[lingtalks] TODAY: Stephen Crain 11/13 (Linguistics Colloquium)

Klinton Bicknell kbicknell at ucsd.edu
Mon Nov 13 12:01:36 PST 2006


Our upcoming linguistics colloquium will be Stephen Crain, presenting a talk
entitled "Why children are more logical than adults." Professor Crain is
coming to us from Macquarie University (in Sydney); he was formerly at the
University of Maryland.

For further information about the Linguistics department colloquia series,
including the schedule of future events, please visit
http://ling.ucsd.edu/events/colloquia.html .

:: Details ::

Monday 13 November
2-3:30pm
AP&M 4301

:: Abstract ::

Why children are more logical than adults
Stephen Crain, Macquarie University


Suppose you and a friend have just seen Max order some sushi and some pasta.

Later you overhear your friend tell someone "Max ordered sushi or pasta." 
Would you contradict your friend, saying "No, that's wrong, Max ordered
sushi 
and pasta."?  That's what adult speakers of English would do, but child 
speakers would not do this. For them, "Max ordered sushi or pasta" does 
correctly describe the case where Max ordered both. Textbooks of logic
specify 
that "A or B" includes the possibility of both A and B. So child speakers of

English appear to be more logical than adult speakers. As child speakers
grow 
up, their decisions change about when or is appropriate, because their 
interpretation of or clashes with how adult speakers use the term. But the 
difference in meaning between the "or" of formal logic and the "or" of
English 
emerges late in language development. So, it appears to be a universal
property 
of human languages that statements of the form "A or B" are interpreted as 
including the possibility of both A and B, just as in logic textbooks.

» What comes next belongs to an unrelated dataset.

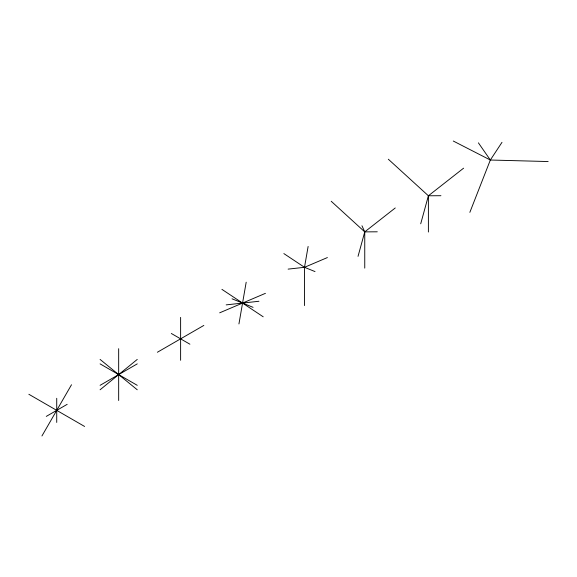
<?xml version="1.0" encoding="UTF-8"?>
<svg xmlns="http://www.w3.org/2000/svg" width="577" height="577" viewBox="0 0 577 577"><rect width="100%" height="100%" fill="white"/><g stroke="black" fill="none" stroke-linecap="round" stroke-linejoin="round"><path stroke-width="0.87" d="M238.936 323.942L246.184 282.211M308.125 246.444L304.505 267.31L304.505 305.579M358.036 256.354L364.751 231.882L395.252 207.958M420.712 223.789L428.394 195.783L463.598 168.174M469.851 212.35L490.335 160.024L501.99 142.331M41.941 435.967L71.505 384.758M100.088 389.778L137.254 359.428M46.275 416.399L67.177 404.333M100.088 385.328L137.254 363.871M157.384 352.251L203.84 325.428M327.39 257.566L304.505 267.31L288.118 269.12M219.671 312.821L265.442 293.332M226.177 304.88L258.943 301.266M388.328 159.223L428.394 195.783L440.929 195.704M377.286 231.803L364.751 231.882L331.22 201.272M453.284 141.033L490.335 160.024L548.15 161.546M315.02 271.579L304.505 267.31L283.855 253.584M232.041 298.807L253.079 307.339M171.326 333.477L189.905 344.202M100.088 363.871L137.254 385.328M28.85 394.271L84.603 426.461M221.914 289.351L263.206 316.802M100.088 359.428L137.254 389.778M478.405 142.851L490.335 160.024M361.959 225.766L364.751 231.882L364.751 268.125M428.394 195.783L428.394 232.033M180.615 317.379L180.615 360.293M118.667 348.696L118.667 400.503M56.726 398.296L56.726 422.436"/></g></svg>

Now suppose that your sister Suzi didn't see Max order sushi, but she did
see 
him order pasta. Later you overhear your friend tell someone "Suzi didn't
see 
Max order sushi or pasta."  Would you contradict your friend, saying "No
that's 
wrong. Suzi did see Max order pasta."  That's what adult speakers of English

would do, and that's what child speakers would do. Textbooks of logic would 
agree. In logic, "not [A or B]" excludes the possibility of A and it
excludes 
the possibility of B. Moreover, if the English statement "Suzi didn't see
Max 
order sushi or pasta" is translated into Japanese, Russian, Hungarian, or
any 
other language, it means the same thing, that Suzi didn t see Max order
sushi 
and she didn t see him order pasta. So, it appears to be a universal
property 
of human languages that statements of the form "not [A or B]" are
interpreted 
as excluding the possibility of both A and B, just as in logic textbooks.

Observations like these, from research on child language and from 
cross-linguistic research, indicate that language and logic share some of
the 
same basic notions, including the meaning of disjunction (English "or", 
Japanese "ka", Chinese "huozhe", and so on). These observations are relevant

for the long-standing nature versus nurture controversy. Child and adult 
speakers have different ideas of what "or" means. This tells us that young 
children do not 'learn' what "or" means by watching how adults use "or". The

alternative is to suppose that children draw upon innate knowledge in
accessing 
the logical meaning of "or" in human languages. This conclusion is
reinforced 
by the observation that all languages adopt the logical meaning of "or" in 
certain linguistic environments. A linguistic property that (a) emerges in 
child language without decisive evidence from experience, and (b) is common
to 
all human languages, is a likely candidate for innate specification.
Experience 
matters, of course. As child speakers grow up, they must eventually learn to

use "or" in the same way as adults do. But, based on findings from child 
language and cross-linguistic research, it looks like certain aspects of 
language and logic are part of the human genome.